The other day (saturday), there we were, my Mouse Nemo and i, playing on the bed! He was running around the tunnels and mountain i had created for him. (he loves this), while i chatted to him, keeping an eye on him. I was leaning on the side of the bed. He does like to come up and sniff my nose, like two dogs meeting! 
Out of the blue, and for the first time ever, he paused slightly, Nipped my nose and then rat off hiding. He did this twice. Itdidnt hurt, but i was taken back.
He did it again on Sunday..... doing the same pause. I really want to understand what this means. Is it playful? i feel if it was a bite (which hes never ever done) it would be hard and painful.

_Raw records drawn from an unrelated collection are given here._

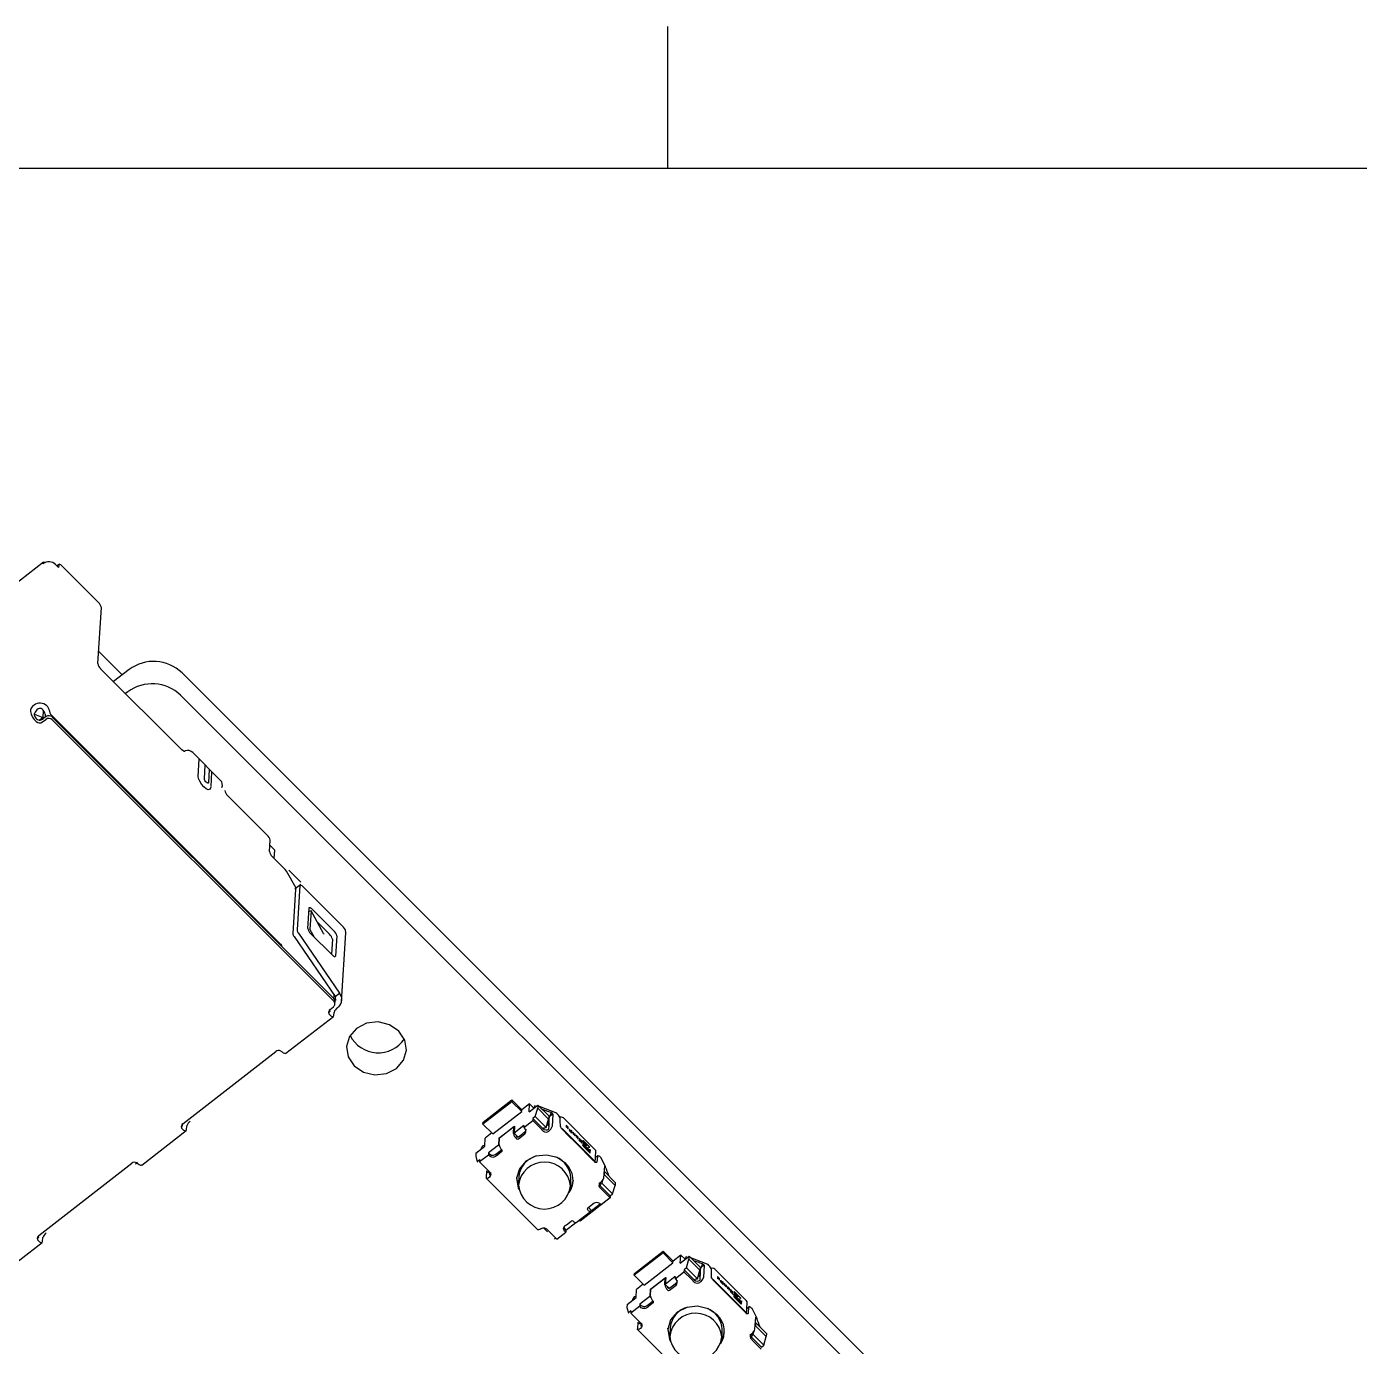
# Model space of a CAD drawing. Header units: millimetres. Extents: x 2 to 1109, y 2 to 430.
# Drawn here: x 467.39 to 512.2, y 385.83 to 430.21 of the extents above; entities that cross this region are included whole.
import ezdxf

# ---------------------------------------------------------------- set-up
doc = ezdxf.new("R2010")
doc.units = ezdxf.units.MM
doc.header["$LTSCALE"] = 0.5
doc.layers.add('几何体', color=7, linetype='Continuous')
doc.layers.add('草图直线', color=1, linetype='Continuous')

msp = doc.modelspace()

# ---------------------------------------------------------------- linework, layer by layer
at = {"layer": '几何体'}
for p, q in [((467.959, 412.198), (456.341, 403.18)), ((467.943, 412.161), (467.943, 412.149)), ((468.466, 412.023), (468.366, 412.123)), ((468.502, 412.14), (468.416, 412.073)), ((468.471, 412.105), (468.466, 412.023)), ((469.809, 410.842), (468.576, 412.076)), ((469.786, 408.79), (469.905, 410.672)), ((470.61, 408.412), (469.813, 409.21)), ((472.615, 405.886), (469.882, 408.619)), ((470.839, 408.59), (470.317, 408.185)), ((510.998, 370.098), (472.618, 408.478)), ((470.791, 407.837), (470.72, 407.781)), ((510.95, 369.346), (472.571, 407.725)), ((467.528, 407.24), (467.525, 407.181)), ((467.658, 407.048), (467.661, 407.095)), ((467.661, 407.095), (467.662, 407.107)), ((467.661, 407.095), (467.937, 406.983)), ((467.819, 406.892), (467.937, 406.983)), ((467.927, 406.827), (468.039, 406.914)), ((467.933, 406.921), (467.971, 406.95)), ((467.952, 407.217), (467.937, 406.983)), ((467.937, 406.983), (467.971, 406.95)), ((468.045, 407.008), (467.971, 406.95)), ((468.014, 407.085), (468.014, 407.073)), ((468.163, 407.2), (468.163, 407.189)), ((468.251, 406.9), (477.718, 397.434)), ((477.723, 397.528), (468.257, 406.994)), ((475.925, 399.351), (468.258, 407.018)), ((473.911, 404.863), (472.978, 405.796)), ((473.161, 404.99), (473.198, 405.576)), ((473.369, 404.914), (473.398, 405.376)), ((473.531, 405.243), (473.502, 404.781)), ((473.593, 404.658), (473.624, 405.151)), ((475.482, 403.019), (474.149, 404.353)), ((475.554, 402.472), (475.578, 402.849)), ((475.734, 402.512), (475.567, 402.679)), ((475.716, 402.235), (475.734, 402.512)), ((476.083, 401.868), (475.65, 402.302)), ((476.127, 401.811), (476.083, 401.868)), ((476.453, 401.239), (476.127, 401.811)), ((476.61, 401.437), (476.209, 401.839)), ((476.431, 401.207), (476.338, 399.718)), ((476.611, 401.358), (476.415, 401.206)), ((476.58, 401.323), (476.487, 399.834)), ((478.051, 399.927), (476.684, 401.294)), ((476.844, 399.884), (476.887, 400.566)), ((476.991, 400.537), (477.725, 399.804)), ((476.955, 400.476), (476.863, 400.437)), ((476.955, 400.476), (476.916, 399.864)), ((477.377, 399.715), (476.955, 400.476)), ((477.163, 400.101), (477.576, 399.688)), ((476.531, 399.725), (477.912, 397.705)), ((477.075, 399.578), (476.916, 399.864)), ((477.673, 398.98), (476.94, 399.714)), ((477.377, 399.715), (477.392, 399.695)), ((477.982, 397.426), (478.127, 399.735)), ((475.925, 399.351), (475.969, 399.294)), ((476.382, 399.609), (477.763, 397.59)), ((477.671, 399.517), (477.64, 399.014)), ((477.82, 399.633), (477.777, 398.951)), ((477.722, 397.505), (477.73, 397.637)), ((477.752, 397.323), (477.76, 397.447)), ((477.763, 397.59), (477.912, 397.705)), ((477.561, 397.106), (477.555, 397.012)), ((477.59, 397.091), (477.592, 397.134)), ((477.594, 397.16), (477.706, 397.247)), ((477.723, 396.958), (477.729, 397.061)), ((477.846, 397.218), (477.883, 397.247)), ((476.108, 395.684), (477.709, 396.927)), ((472.641, 393.316), (475.769, 395.744)), ((483.703, 394.056), (482.735, 393.304)), ((482.739, 393.365), (483.707, 394.117)), ((483.707, 394.117), (483.703, 394.056)), ((484.036, 393.722), (483.703, 394.056)), ((484.04, 393.784), (483.707, 394.117)), ((484.301, 393.986), (484.04, 393.784)), ((484.284, 393.713), (484.301, 393.986)), ((484.284, 393.713), (484.582, 393.944)), ((484.444, 393.843), (484.301, 393.986)), ((484.482, 393.932), (484.441, 393.835)), ((484.493, 393.553), (484.575, 393.841)), ((484.582, 393.944), (484.575, 393.841)), ((484.575, 393.841), (484.942, 393.474)), ((484.582, 393.944), (484.948, 393.578)), ((485.189, 393.682), (484.632, 393.894)), ((482.735, 393.304), (482.739, 393.365)), ((483.068, 392.971), (484.036, 393.722)), ((484.036, 393.722), (484.04, 393.784)), ((484.109, 393.188), (484.407, 393.419)), ((484.411, 393.49), (484.407, 393.419)), ((484.493, 393.553), (484.411, 393.49)), ((484.411, 393.49), (484.747, 393.154)), ((484.493, 393.553), (484.859, 393.186)), ((484.859, 393.186), (484.942, 393.474)), ((484.912, 393.371), (484.958, 393.326)), ((484.937, 393.457), (484.962, 393.431)), ((484.948, 393.578), (484.942, 393.474)), ((485.079, 393.639), (484.967, 393.553)), ((485.026, 393.689), (484.968, 393.552)), ((485.079, 393.639), (485.061, 393.224)), ((486.507, 392.442), (485.44, 393.508)), ((471.267, 391.927), (472.757, 393.083)), ((472.609, 393.261), (472.603, 393.167)), ((472.637, 393.247), (472.641, 393.316)), ((472.77, 393.113), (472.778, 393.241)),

But its not, and i am still unsure of what a little nip, and then scampering off means.
It felt cheeky. if that makes sense.

Also Bruxing.....what does this actually sound like?
a few times its sounded like hes eating something crispy, but hes running around when this happens, instead of sitting and eating.

Many Thanks Guys


----------



## bethmccallister (Mar 5, 2010)

The few mice I've had that bruxed did it when they were very happy. The nose bumping indicates several things...1) he's quiet comfortable with you 2) He thinks you smell good 3) He's very brazen and forward. I had a mouse who used to give me kisses when I'd lay still on the bed and he was running around...he'd come up to me and lick my lip which is a very weird but pleasant feeling


----------